Eros could have seen the above interaction and used the opportunity to send a message that Eros doesn’t allow its corporate entities to be associated with such practices. However, rather than shunning the behavior described by Bazmee and Rajeev, Eros instead announced in 2015 that they would be producing “Welcome Back”, Bazmee’s very first movie following the exposé. The movie was written by Kaul.

Where There’s Smoke

Seeing four prominent film executives with direct ties to EROS openly discuss how to launder money should obviously give investors — and regulators — major cause for concern.

We believe these revelations can provide context to questions about Eros’s accounting & corporate structure. Namely:

  1. Why does Eros use at least 9 different auditors for its myriad of entities?
  2. Why have there been at least 12 auditor resignations at Eros’s subsidiaries in the past 4 years?
  3. While many companies use offshore jurisdictions to promote tax efficiency, is it really necessary for Eros and its executives to use half a dozen tax havens sprawled across its byzantine corporate structure?

How Long Can This Continue?

While EROS stock has moved up in the past, we believe its recent downturn may be due to a loss of investor confidence that once existed when the market was not ready to accept the short thesis on the company. Now, with the company seemingly not able to raise cash through a high yield debt offering, we continue to believe that its only option for raising capital, and possibly staying in business, is to issue equity at a discount to market. Given the weight of its upcoming obligations we estimate that the company would have to dilute current shareholders by over 40% to sustain its operations for the next year.

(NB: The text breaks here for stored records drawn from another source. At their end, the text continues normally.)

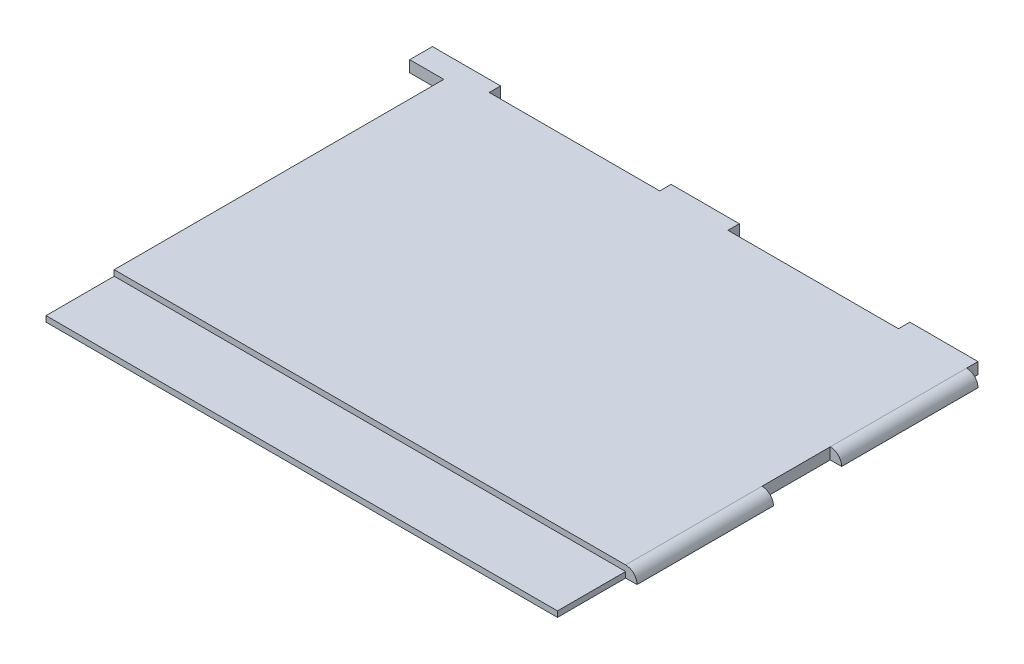
ISO-10303-21;
HEADER;
FILE_DESCRIPTION(('STEP AP214'),'2;1');
FILE_NAME('part.step','',(''),(''),'','','');
FILE_SCHEMA(('AUTOMOTIVE_DESIGN { 1 0 10303 214 1 1 1 1 }'));
ENDSEC;
DATA;
#1=APPLICATION_CONTEXT('core data for automotive mechanical design processes');
#2=APPLICATION_PROTOCOL_DEFINITION('international standard','automotive_design',2000,#1);
#3=PRODUCT_CONTEXT('',#1,'mechanical');
#4=PRODUCT('Part','Part','',(#3));
#5=PRODUCT_RELATED_PRODUCT_CATEGORY('part','',(#4));
#6=PRODUCT_DEFINITION_FORMATION('','',#4);
#7=PRODUCT_DEFINITION_CONTEXT('part definition',#1,'design');
#8=PRODUCT_DEFINITION('design','',#6,#7);
#9=PRODUCT_DEFINITION_SHAPE('','',#8);
#10=(LENGTH_UNIT() NAMED_UNIT(*) SI_UNIT(.MILLI.,.METRE.));
#11=(NAMED_UNIT(*) PLANE_ANGLE_UNIT() SI_UNIT($,.RADIAN.));
#12=(NAMED_UNIT(*) SI_UNIT($,.STERADIAN.) SOLID_ANGLE_UNIT());
#13=UNCERTAINTY_MEASURE_WITH_UNIT(LENGTH_MEASURE(1.E-05),#10,'distance_accuracy_value','');
#14=(GEOMETRIC_REPRESENTATION_CONTEXT(3) GLOBAL_UNCERTAINTY_ASSIGNED_CONTEXT((#13)) GLOBAL_UNIT_ASSIGNED_CONTEXT((#10,
#11,#12)) REPRESENTATION_CONTEXT('',''));
#15=CARTESIAN_POINT('',(0.,0.,0.));
#16=DIRECTION('',(0.,0.,1.));
#17=DIRECTION('',(1.,0.,0.));
#18=AXIS2_PLACEMENT_3D('',#15,#16,#17);
#19=CARTESIAN_POINT('',(203.746286717569,5.,0.));
#20=DIRECTION('',(1.,0.,0.));
#21=DIRECTION('',(0.,0.,-1.));
#22=AXIS2_PLACEMENT_3D('',#19,#20,#21);
#23=PLANE('',#22);
#24=DIRECTION('',(0.,0.,-1.));
#25=VECTOR('',#24,1.);
#26=CARTESIAN_POINT('',(203.746286717569,2.5,136.464902660625));
#27=LINE('',#26,#25);
#28=CARTESIAN_POINT('',(203.746286717569,2.5,136.464902660625));
#29=VERTEX_POINT('',#28);
#30=CARTESIAN_POINT('',(203.746286717569,2.5,106.464902660625));
#31=VERTEX_POINT('',#30);
#32=EDGE_CURVE('E596',#29,#31,#27,.T.);
#33=ORIENTED_EDGE('',*,*,#32,.F.);
#34=DIRECTION('',(0.,-1.,0.));
#35=VECTOR('',#34,1.);
#36=CARTESIAN_POINT('',(203.746286717569,5.,136.464902660625));
#37=LINE('',#36,#35);
#38=CARTESIAN_POINT('',(203.746286717569,0.,136.464902660625));
#39=VERTEX_POINT('',#38);
#40=EDGE_CURVE('E493',#29,#39,#37,.T.);
#41=ORIENTED_EDGE('',*,*,#40,.T.);
#42=DIRECTION('',(0.,0.,1.));
#43=VECTOR('',#42,1.);
#44=CARTESIAN_POINT('',(203.746286717569,0.,0.));
#45=LINE('',#44,#43);
#46=CARTESIAN_POINT('',(203.746286717569,0.,106.464902660625));
#47=VERTEX_POINT('',#46);
#48=EDGE_CURVE('E619',#47,#39,#45,.T.);
#49=ORIENTED_EDGE('',*,*,#48,.F.);
#50=DIRECTION('',(0.,1.,0.));
#51=VECTOR('',#50,1.);
#52=CARTESIAN_POINT('',(203.746286717569,5.,106.464902660625));
#53=LINE('',#52,#51);
#54=EDGE_CURVE('E474',#47,#31,#53,.T.);
#55=ORIENTED_EDGE('',*,*,#54,.T.);
#56=EDGE_LOOP('',(#33,#41,#49,#55));
#57=FACE_BOUND('',#56,.T.);
#58=ADVANCED_FACE('F403',(#57),#23,.T.);
#59=DIRECTION('',(0.,0.,1.));
#60=VECTOR('',#59,1.);
#61=CARTESIAN_POINT('',(203.746286717569,5.,0.));
#62=LINE('',#61,#60);
#63=CARTESIAN_POINT('',(203.746286717569,5.,16.4649026606249));
#64=VERTEX_POINT('',#63);
#65=CARTESIAN_POINT('',(203.746286717569,5.,46.4649026606249));
#66=VERTEX_POINT('',#65);
#67=EDGE_CURVE('E660',#64,#66,#62,.T.);
#68=ORIENTED_EDGE('',*,*,#67,.T.);
#69=DIRECTION('',(0.,-1.,0.));
#70=VECTOR('',#69,1.);
#71=CARTESIAN_POINT('',(203.746286717569,5.,46.4649026606249));
#72=LINE('',#71,#70);
#73=CARTESIAN_POINT('',(203.746286717569,0.,46.4649026606249));
#74=VERTEX_POINT('',#73);
#75=EDGE_CURVE('E490',#66,#74,#72,.T.);
#76=ORIENTED_EDGE('',*,*,#75,.T.);
#77=CARTESIAN_POINT('',(203.746286717569,0.,16.4649026606249));
#78=VERTEX_POINT('',#77);
#79=EDGE_CURVE('E694',#78,#74,#45,.T.);
#80=ORIENTED_EDGE('',*,*,#79,.F.);
#81=DIRECTION('',(0.,-1.,0.));
#82=VECTOR('',#81,1.);
#83=CARTESIAN_POINT('',(203.746286717569,5.,16.4649026606249));
#84=LINE('',#83,#82);
#85=EDGE_CURVE('E634',#64,#78,#84,.T.);
#86=ORIENTED_EDGE('',*,*,#85,.F.);
#87=EDGE_LOOP('',(#68,#76,#80,#86));
#88=FACE_BOUND('',#87,.T.);
#89=ADVANCED_FACE('F798',(#88),#23,.T.);
#90=CARTESIAN_POINT('',(0.,5.,16.4649026606249));
#91=DIRECTION('',(0.,0.,-1.));
#92=DIRECTION('',(-1.,0.,0.));
#93=AXIS2_PLACEMENT_3D('',#90,#91,#92);
#94=PLANE('',#93);
#95=DIRECTION('',(1.,0.,0.));
#96=VECTOR('',#95,1.);
#97=CARTESIAN_POINT('',(0.,0.,16.4649026606249));
#98=LINE('',#97,#96);
#99=CARTESIAN_POINT('',(208.746286717569,0.,16.4649026606249));
#100=VERTEX_POINT('',#99);
#101=EDGE_CURVE('E691',#78,#100,#98,.T.);
#102=ORIENTED_EDGE('',*,*,#101,.T.);
#103=CARTESIAN_POINT('',(203.746286717569,0.,16.4649026606249));
#104=DIRECTION('',(0.,0.,-1.));
#105=DIRECTION('',(-1.,0.,0.));
#106=AXIS2_PLACEMENT_3D('',#103,#104,#105);
#107=CIRCLE('',#106,5.);
#108=EDGE_CURVE('E494',#100,#64,#107,.F.);
#109=ORIENTED_EDGE('',*,*,#108,.T.);
#110=ORIENTED_EDGE('',*,*,#85,.T.);
#111=EDGE_LOOP('',(#102,#109,#110));
#112=FACE_BOUND('',#111,.T.);
#113=ADVANCED_FACE('F795',(#112),#94,.F.);
#114=CARTESIAN_POINT('',(0.,5.,-43.5350973393751));
#115=DIRECTION('',(0.,0.,-1.));
#116=DIRECTION('',(-1.,0.,0.));
#117=AXIS2_PLACEMENT_3D('',#114,#115,#116);
#118=PLANE('',#117);
#119=DIRECTION('',(0.,-1.,0.));
#120=VECTOR('',#119,1.);
#121=CARTESIAN_POINT('',(203.746286717569,5.,-43.5350973393751));
#122=LINE('',#121,#120);
#123=CARTESIAN_POINT('',(203.746286717569,5.,-43.5350973393751));
#124=VERTEX_POINT('',#123);
#125=CARTESIAN_POINT('',(203.746286717569,0.,-43.5350973393751));
#126=VERTEX_POINT('',#125);
#127=EDGE_CURVE('E636',#124,#126,#122,.T.);
#128=ORIENTED_EDGE('',*,*,#127,.F.);
#129=CARTESIAN_POINT('',(203.746286717569,0.,-43.5350973393751));
#130=DIRECTION('',(0.,0.,-1.));
#131=DIRECTION('',(-1.,0.,0.));
#132=AXIS2_PLACEMENT_3D('',#129,#130,#131);
#133=CIRCLE('',#132,5.);
#134=CARTESIAN_POINT('',(208.746286717569,0.,-43.5350973393751));
#135=VERTEX_POINT('',#134);
#136=EDGE_CURVE('E465',#124,#135,#133,.T.);
#137=ORIENTED_EDGE('',*,*,#136,.T.);
#138=DIRECTION('',(1.,0.,0.));
#139=VECTOR('',#138,1.);
#140=CARTESIAN_POINT('',(0.,0.,-43.5350973393751));
#141=LINE('',#140,#139);
#142=EDGE_CURVE('E685',#126,#135,#141,.T.);
#143=ORIENTED_EDGE('',*,*,#142,.F.);
#144=EDGE_LOOP('',(#128,#137,#143));
#145=FACE_BOUND('',#144,.T.);
#146=ADVANCED_FACE('F787',(#145),#118,.T.);
#147=CARTESIAN_POINT('',(203.746286717569,5.,0.));
#148=DIRECTION('',(-1.,0.,0.));
#149=DIRECTION('',(0.,0.,1.));
#150=AXIS2_PLACEMENT_3D('',#147,#148,#149);
#151=PLANE('',#150);
#152=DIRECTION('',(0.,0.,-1.));
#153=VECTOR('',#152,1.);
#154=CARTESIAN_POINT('',(203.746286717569,0.,0.));
#155=LINE('',#154,#153);
#156=CARTESIAN_POINT('',(203.746286717569,0.,-48.5350973393751));
#157=VERTEX_POINT('',#156);
#158=EDGE_CURVE('E683',#126,#157,#155,.T.);
#159=ORIENTED_EDGE('',*,*,#158,.T.);
#160=DIRECTION('',(0.,-1.,0.));
#161=VECTOR('',#160,1.);
#162=CARTESIAN_POINT('',(203.746286717569,5.,-48.5350973393751));
#163=LINE('',#162,#161);
#164=CARTESIAN_POINT('',(203.746286717569,5.,-48.5350973393751));
#165=VERTEX_POINT('',#164);
#166=EDGE_CURVE('E638',#165,#157,#163,.T.);
#167=ORIENTED_EDGE('',*,*,#166,.F.);
#168=DIRECTION('',(0.,0.,-1.));
#169=VECTOR('',#168,1.);
#170=CARTESIAN_POINT('',(203.746286717569,5.,0.));
#171=LINE('',#170,#169);
#172=EDGE_CURVE('E717',#124,#165,#171,.T.);
#173=ORIENTED_EDGE('',*,*,#172,.F.);
#174=ORIENTED_EDGE('',*,*,#127,.T.);
#175=EDGE_LOOP('',(#159,#167,#173,#174));
#176=FACE_BOUND('',#175,.T.);
#177=ADVANCED_FACE('F783',(#176),#151,.F.);
#178=CARTESIAN_POINT('',(0.,5.,-48.5350973393751));
#179=DIRECTION('',(0.,0.,1.));
#180=DIRECTION('',(1.,0.,0.));
#181=AXIS2_PLACEMENT_3D('',#178,#179,#180);
#182=PLANE('',#181);
#183=DIRECTION('',(-1.,0.,0.));
#184=VECTOR('',#183,1.);
#185=CARTESIAN_POINT('',(0.,0.,-48.5350973393751));
#186=LINE('',#185,#184);
#187=CARTESIAN_POINT('',(173.746286717569,0.,-48.5350973393751));
#188=VERTEX_POINT('',#187);
#189=EDGE_CURVE('E680',#157,#188,#186,.T.);
#190=ORIENTED_EDGE('',*,*,#189,.T.);
#191=DIRECTION('',(0.,-1.,0.));
#192=VECTOR('',#191,1.);
#193=CARTESIAN_POINT('',(173.746286717569,5.,-48.5350973393751));
#194=LINE('',#193,#192);
#195=CARTESIAN_POINT('',(173.746286717569,5.,-48.5350973393751));
#196=VERTEX_POINT('',#195);
#197=EDGE_CURVE('E641',#196,#188,#194,.T.);
#198=ORIENTED_EDGE('',*,*,#197,.F.);
#199=DIRECTION('',(-1.,0.,0.));
#200=VECTOR('',#199,1.);
#201=CARTESIAN_POINT('',(0.,5.,-48.5350973393751));
#202=LINE('',#201,#200);
#203=EDGE_CURVE('E715',#165,#196,#202,.T.);
#204=ORIENTED_EDGE('',*,*,#203,.F.);
#205=ORIENTED_EDGE('',*,*,#166,.T.);
#206=EDGE_LOOP('',(#190,#198,#204,#205));
#207=FACE_BOUND('',#206,.T.);
#208=ADVANCED_FACE('F778',(#207),#182,.F.);
#209=CARTESIAN_POINT('',(173.746286717569,5.,0.));
#210=DIRECTION('',(-1.,0.,0.));
#211=DIRECTION('',(0.,0.,1.));
#212=AXIS2_PLACEMENT_3D('',#209,#210,#211);
#213=PLANE('',#212);
#214=DIRECTION('',(0.,0.,-1.));
#215=VECTOR('',#214,1.);
#216=CARTESIAN_POINT('',(173.746286717569,0.,0.));
#217=LINE('',#216,#215);
#218=CARTESIAN_POINT('',(173.746286717569,0.,-43.5350973393751));
#219=VERTEX_POINT('',#218);
#220=EDGE_CURVE('E677',#219,#188,#217,.T.);
#221=ORIENTED_EDGE('',*,*,#220,.F.);
#222=DIRECTION('',(0.,-1.,0.));
#223=VECTOR('',#222,1.);
#224=CARTESIAN_POINT('',(173.746286717569,5.,-43.5350973393751));
#225=LINE('',#224,#223);
#226=CARTESIAN_POINT('',(173.746286717569,5.,-43.5350973393751));
#227=VERTEX_POINT('',#226);
#228=EDGE_CURVE('E643',#227,#219,#225,.T.);
#229=ORIENTED_EDGE('',*,*,#228,.F.);
#230=DIRECTION('',(0.,0.,-1.));
#231=VECTOR('',#230,1.);
#232=CARTESIAN_POINT('',(173.746286717569,5.,0.));
#233=LINE('',#232,#231);
#234=EDGE_CURVE('E712',#227,#196,#233,.T.);
#235=ORIENTED_EDGE('',*,*,#234,.T.);
#236=ORIENTED_EDGE('',*,*,#197,.T.);
#237=EDGE_LOOP('',(#221,#229,#235,#236));
#238=FACE_BOUND('',#237,.T.);
#239=ADVANCED_FACE('F772',(#238),#213,.T.);
#240=CARTESIAN_POINT('',(0.,5.,-43.5350973393751));
#241=DIRECTION('',(0.,0.,-1.));
#242=DIRECTION('',(-1.,0.,0.));
#243=AXIS2_PLACEMENT_3D('',#240,#241,#242);
#244=PLANE('',#243);
#245=DIRECTION('',(1.,0.,0.));
#246=VECTOR('',#245,1.);
#247=CARTESIAN_POINT('',(0.,0.,-43.5350973393751));
#248=LINE('',#247,#246);
#249=CARTESIAN_POINT('',(98.7462867175687,0.,-43.5350973393751));
#250=VERTEX_POINT('',#249);
#251=EDGE_CURVE('E676',#250,#219,#248,.T.);
#252=ORIENTED_EDGE('',*,*,#251,.F.);
#253=DIRECTION('',(0.,1.,0.));
#254=VECTOR('',#253,1.);
#255=CARTESIAN_POINT('',(98.7462867175687,5.,-43.5350973393751));
#256=LINE('',#255,#254);
#257=CARTESIAN_POINT('',(98.7462867175687,5.,-43.5350973393751));
#258=VERTEX_POINT('',#257);
#259=EDGE_CURVE('E426',#250,#258,#256,.T.);
#260=ORIENTED_EDGE('',*,*,#259,.T.);
#261=DIRECTION('',(1.,0.,0.));
#262=VECTOR('',#261,1.);
#263=CARTESIAN_POINT('',(0.,5.,-43.5350973393751));
#264=LINE('',#263,#262);
#265=EDGE_CURVE('E711',#258,#227,#264,.T.);
#266=ORIENTED_EDGE('',*,*,#265,.T.);
#267=ORIENTED_EDGE('',*,*,#228,.T.);
#268=EDGE_LOOP('',(#252,#260,#266,#267));
#269=FACE_BOUND('',#268,.T.);
#270=ADVANCED_FACE('F766',(#269),#244,.T.);
#271=DIRECTION('',(0.,1.,0.));
#272=VECTOR('',#271,1.);
#273=CARTESIAN_POINT('',(68.7462867175687,5.,-43.5350973393751));
#274=LINE('',#273,#272);
#275=CARTESIAN_POINT('',(68.7462867175687,0.,-43.5350973393751));
#276=VERTEX_POINT('',#275);
#277=CARTESIAN_POINT('',(68.7462867175687,5.,-43.5350973393751));
#278=VERTEX_POINT('',#277);
#279=EDGE_CURVE('E632',#276,#278,#274,.T.);
#280=ORIENTED_EDGE('',*,*,#279,.F.);
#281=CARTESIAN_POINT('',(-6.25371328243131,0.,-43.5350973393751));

These equity issuances, if they occur, could be the beginning stages of what we believe to be a toxic financing death spiral for the company. We believe these concerns continue to make EROS a fantastic short if regulators don’t wind up getting to the company and asking far more pointed questions then we have, first.

Appendix Eros’ Auditors

Eros uses 5 auditors for its 12 Indian subsidiaries, 2 different auditors in the UK, a separate audit firm in Singapore, yet another auditor for its Australia entity, and an unknown number of auditors in its entities in Mauritius, Isle of Man, and the British Virgin Islands, as shown below:

 

Indian Subsidiaries Auditor
Ayngaran Anak Media S. Ravi & Associates
Ayngaran International Films S. Ravi & Associates
Ayngaran International Media S. Ravi & Associates
Big Screen Entertainment Sandeep Shridhar & Associates
Colour Yellow Productions Jain & Jain Chartered Accountants
EM Publishing Private Limited T R Chadha & Co LLP
Eros Digital Private Limited T R Chadha & Co LLP
Eyeqube Studios Private Limited T R Chadha & Co LLP
Eros Animation Private Limited T R Chadha & Co LLP
Eros International Films Private Walker Chandiok & Co LLP
Eros International Media Limited Walker Chandiok & Co LLP
Universal Power Systems Walker Chandiok & Co LLP

 

Singapore Auditor
Belvedere Holdings PTE JBS Practice Public Accounting
Digicine PTE JBS Practice Public Accounting
Eros International PTE JBS Practice Public Accounting

 

Australia Auditor
Eros Australia Pty Ltd S R Sheth & Co PTY LTD

 

United Kingdom Auditor
Ayngaran International UK Limited Chris Seeromben & Co
Eros Network Limited Grant Thornton UK LLP
Eros International Limited Grant Thornton UK LLP
Eros Music Publishing Limited Grant Thornton UK LLP

Eros’s Auditor Switches/Resignations

At least 12 audit resignations or firings took place at the Company’s subsidiaries in the past 4 years alone:

Eros Music Publishing Limited

1. Manan U Shah & Co. resigned as auditor in 2013;

2. Anil Jagetiya & Co resigned as auditor in 2014; and

3. Jayesh Sheth & Co. resigned as auditor in 2016.

Eros Digital Private Limited

4. Vidya & Co. was the auditor for FY 2014 and either resigned or was fired prior the FY 2015 audit;

5. Anil Jagetiya & Co. resigned as auditor in May 2015, making it an auditor that was appointed and resigned in the same audit cycle; and

6. Jayesh Sheth & Co. resigned as auditor in March 2016.

Eyeqube Studios Private Limited

7. Anil Jagetiya & Co resigned in May 2015;

8. Jayesh Sheth & Co. resigned in March 2016.

Eros Animation Private Limited

9. Vidya F. Ganghi & Co. was the auditor for the year ending 2012 and resigned after the 2012 audit cycle;

10. Manan U Shah & Co., Chartered Accountants was auditor in 2013;

11. Anil Jagetiya & Co. was appointed as auditor in 2013, then resigned in 2015 and

12. Jayesh Sheth & Co. was subsequently appointed auditor and resigned in March 2016.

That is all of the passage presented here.